Mas é bom também lembrar que os grandes heróis do combate ao nazismo foram os médicos, que primeiramente denunciaram as atrocidades para as igrejas.

Portanto, se entendemos que estamos diante de um governo com práticas nazistas, entendemos que é preciso mobilizar os médicos.

O nazismo não é um fenômeno, uma tempestade de areia que chega do nada. Não é um terremoto que chega sem que a gente perceba. Não é um castigo divino que aparece de repente. O nazismo é produzido por homens e mulheres vinculados por perspectivas que os levam a agir dessa forma. Ou seja, não são monstros. As práticas nazistas não suspendem o cotidiano; elas se adaptam ao cotidiano. Isso é importante de entender.

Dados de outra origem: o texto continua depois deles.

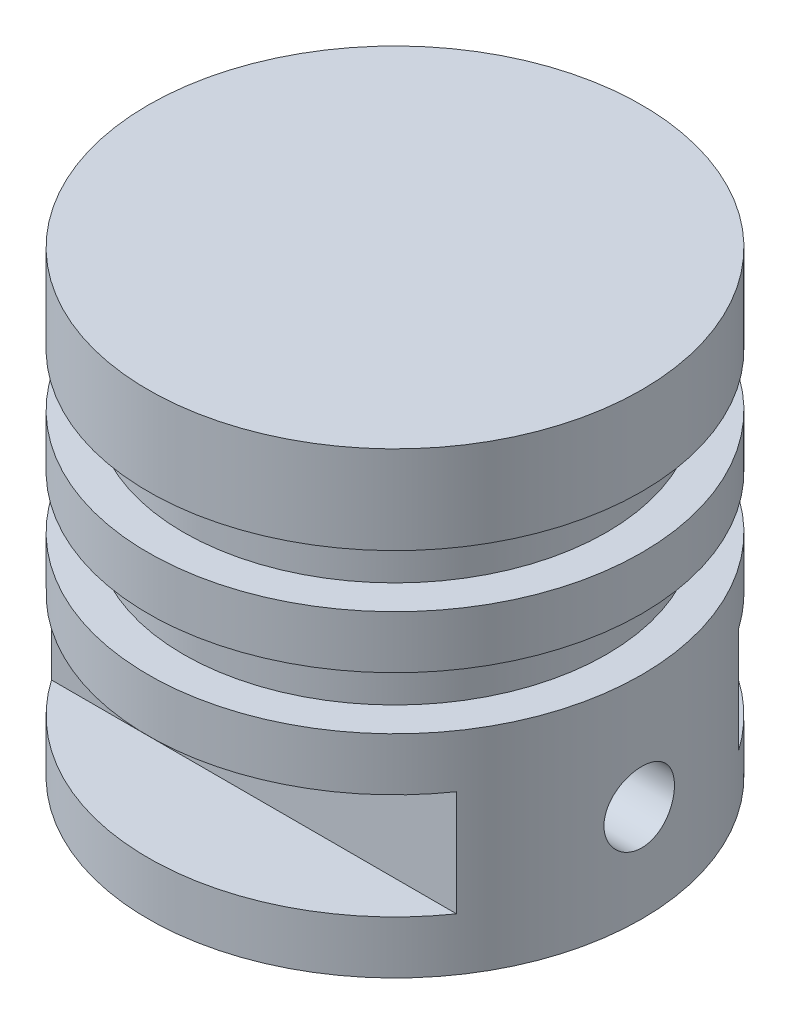
ISO-10303-21;
HEADER;
FILE_DESCRIPTION(('STEP AP214'),'2;1');
FILE_NAME('part.step','',(''),(''),'','','');
FILE_SCHEMA(('AUTOMOTIVE_DESIGN { 1 0 10303 214 1 1 1 1 }'));
ENDSEC;
DATA;
#1=APPLICATION_CONTEXT('core data for automotive mechanical design processes');
#2=APPLICATION_PROTOCOL_DEFINITION('international standard','automotive_design',2000,#1);
#3=PRODUCT_CONTEXT('',#1,'mechanical');
#4=PRODUCT('Part','Part','',(#3));
#5=PRODUCT_RELATED_PRODUCT_CATEGORY('part','',(#4));
#6=PRODUCT_DEFINITION_FORMATION('','',#4);
#7=PRODUCT_DEFINITION_CONTEXT('part definition',#1,'design');
#8=PRODUCT_DEFINITION('design','',#6,#7);
#9=PRODUCT_DEFINITION_SHAPE('','',#8);
#10=(LENGTH_UNIT() NAMED_UNIT(*) SI_UNIT(.MILLI.,.METRE.));
#11=(NAMED_UNIT(*) PLANE_ANGLE_UNIT() SI_UNIT($,.RADIAN.));
#12=(NAMED_UNIT(*) SI_UNIT($,.STERADIAN.) SOLID_ANGLE_UNIT());
#13=UNCERTAINTY_MEASURE_WITH_UNIT(LENGTH_MEASURE(1.E-05),#10,'distance_accuracy_value','');
#14=(GEOMETRIC_REPRESENTATION_CONTEXT(3) GLOBAL_UNCERTAINTY_ASSIGNED_CONTEXT((#13)) GLOBAL_UNIT_ASSIGNED_CONTEXT((#10,
#11,#12)) REPRESENTATION_CONTEXT('',''));
#15=CARTESIAN_POINT('',(0.,0.,0.));
#16=DIRECTION('',(0.,0.,1.));
#17=DIRECTION('',(1.,0.,0.));
#18=AXIS2_PLACEMENT_3D('',#15,#16,#17);
#19=CARTESIAN_POINT('',(0.,13.,0.));
#20=DIRECTION('',(0.,-1.,0.));
#21=DIRECTION('',(-1.,0.,0.));
#22=AXIS2_PLACEMENT_3D('',#19,#20,#21);
#23=CYLINDRICAL_SURFACE('',#22,7.);
#24=DIRECTION('',(0.,1.,0.));
#25=VECTOR('',#24,1.);
#26=CARTESIAN_POINT('',(7.,13.,0.));
#27=LINE('',#26,#25);
#28=CARTESIAN_POINT('',(7.,7.5,0.));
#29=VERTEX_POINT('',#28);
#30=CARTESIAN_POINT('',(7.,9.,0.));
#31=VERTEX_POINT('',#30);
#32=EDGE_CURVE('E149',#29,#31,#27,.T.);
#33=ORIENTED_EDGE('',*,*,#32,.T.);
#34=CARTESIAN_POINT('',(0.,9.,0.));
#35=DIRECTION('',(0.,1.,0.));
#36=DIRECTION('',(0.,0.,1.));
#37=AXIS2_PLACEMENT_3D('',#34,#35,#36);
#38=CIRCLE('',#37,7.);
#39=EDGE_CURVE('E231',#31,#31,#38,.T.);
#40=ORIENTED_EDGE('',*,*,#39,.F.);
#41=ORIENTED_EDGE('',*,*,#32,.F.);
#42=CARTESIAN_POINT('',(0.,7.5,0.));
#43=DIRECTION('',(0.,-1.,0.));
#44=DIRECTION('',(-1.,0.,0.));
#45=AXIS2_PLACEMENT_3D('',#42,#43,#44);
#46=CIRCLE('',#45,7.);
#47=EDGE_CURVE('E171',#29,#29,#46,.T.);
#48=ORIENTED_EDGE('',*,*,#47,.F.);
#49=EDGE_LOOP('',(#33,#40,#41,#48));
#50=FACE_BOUND('',#49,.T.);
#51=ADVANCED_FACE('F40',(#50),#23,.T.);
#52=CARTESIAN_POINT('',(0.,0.,0.));
#53=DIRECTION('',(0.,1.,0.));
#54=DIRECTION('',(1.,0.,0.));
#55=AXIS2_PLACEMENT_3D('',#52,#53,#54);
#56=PLANE('',#55);
#57=DIRECTION('',(0.,0.,1.));
#58=VECTOR('',#57,1.);
#59=CARTESIAN_POINT('',(0.95,0.,0.));
#60=LINE('',#59,#58);
#61=CARTESIAN_POINT('',(0.95,0.,-1.22474487139159));
#62=VERTEX_POINT('',#61);
#63=CARTESIAN_POINT('',(0.95,0.,1.22474487139159));
#64=VERTEX_POINT('',#63);
#65=EDGE_CURVE('E139',#62,#64,#60,.T.);
#66=ORIENTED_EDGE('',*,*,#65,.F.);
#67=CARTESIAN_POINT('',(0.,0.,0.));
#68=DIRECTION('',(0.,-1.,0.));
#69=DIRECTION('',(0.612903225806451,0.,-0.790157981542961));
#70=AXIS2_PLACEMENT_3D('',#67,#68,#69);
#71=CIRCLE('',#70,1.55);
#72=EDGE_CURVE('E131',#64,#62,#71,.T.);
#73=ORIENTED_EDGE('',*,*,#72,.F.);
#74=EDGE_LOOP('',(#66,#73));
#75=FACE_BOUND('',#74,.T.);
#76=CARTESIAN_POINT('',(0.,0.,0.));
#77=DIRECTION('',(0.,1.,0.));
#78=DIRECTION('',(1.,0.,0.));
#79=AXIS2_PLACEMENT_3D('',#76,#77,#78);
#80=CIRCLE('',#79,7.);
#81=CARTESIAN_POINT('',(-7.,0.,0.));
#82=VERTEX_POINT('',#81);
#83=EDGE_CURVE('E147',#82,#82,#80,.T.);
#84=ORIENTED_EDGE('',*,*,#83,.F.);
#85=EDGE_LOOP('',(#84));
#86=FACE_BOUND('',#85,.T.);
#87=ADVANCED_FACE('F198',(#75,#86),#56,.F.);
#88=CARTESIAN_POINT('',(0.,13.,0.));
#89=DIRECTION('',(0.,1.,0.));
#90=DIRECTION('',(1.,0.,0.));
#91=AXIS2_PLACEMENT_3D('',#88,#89,#90);
#92=PLANE('',#91);
#93=CARTESIAN_POINT('',(0.,13.,0.));
#94=DIRECTION('',(0.,1.,0.));
#95=DIRECTION('',(-1.,0.,0.));
#96=AXIS2_PLACEMENT_3D('',#93,#94,#95);
#97=CIRCLE('',#96,7.);
#98=CARTESIAN_POINT('',(7.,13.,0.));
#99=VERTEX_POINT('',#98);
#100=EDGE_CURVE('E152',#99,#99,#97,.T.);
#101=ORIENTED_EDGE('',*,*,#100,.T.);
#102=EDGE_LOOP('',(#101));
#103=FACE_BOUND('',#102,.T.);
#104=ADVANCED_FACE('F196',(#103),#92,.T.);
#105=CARTESIAN_POINT('',(0.95,0.,-1.22474487139159));
#106=DIRECTION('',(-1.,0.,0.));
#107=DIRECTION('',(0.,0.,1.));
#108=AXIS2_PLACEMENT_3D('',#105,#106,#107);
#109=PLANE('',#108);
#110=CARTESIAN_POINT('',(0.95,2.74871672146221,0.));
#111=DIRECTION('',(-1.,0.,0.));
#112=DIRECTION('',(0.,0.,1.));
#113=AXIS2_PLACEMENT_3D('',#110,#111,#112);
#114=CIRCLE('',#113,1.);
#115=CARTESIAN_POINT('',(0.95,2.74871672146221,1.));
#116=VERTEX_POINT('',#115);
#117=EDGE_CURVE('E180',#116,#116,#114,.T.);
#118=ORIENTED_EDGE('',*,*,#117,.F.);
#119=EDGE_LOOP('',(#118));
#120=FACE_BOUND('',#119,.T.);
#121=ORIENTED_EDGE('',*,*,#65,.T.);
#122=DIRECTION('',(0.,1.,0.));
#123=VECTOR('',#122,1.);
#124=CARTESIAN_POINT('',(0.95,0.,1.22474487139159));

O início desse caminho parece de flores, bonito; fala-se de família e valores. Mas o final desse caminho é Auschwitz. Falar sobre o Holocausto é usar o passado para falar sobre o presente e o futuro.

Não fazer essa comparação agora, entre o governo brasileiro, a Prevent Senior, e o nazismo, seria perder a oportunidade de impedir o final do caminho. É melhor não deixarmos para fazer essa inevitável comparação quando já for tarde demais. Quando mulheres, negros, a comunidade LGBTQIA+ e todas as minorias já tiverem perdido seus direitos.

*Michel Gherman - Professor-coordenador do Núcleo de Estudos Judaicos da UFRJ e assessor acadêmico do Instituto Brasil-Israel (IBI)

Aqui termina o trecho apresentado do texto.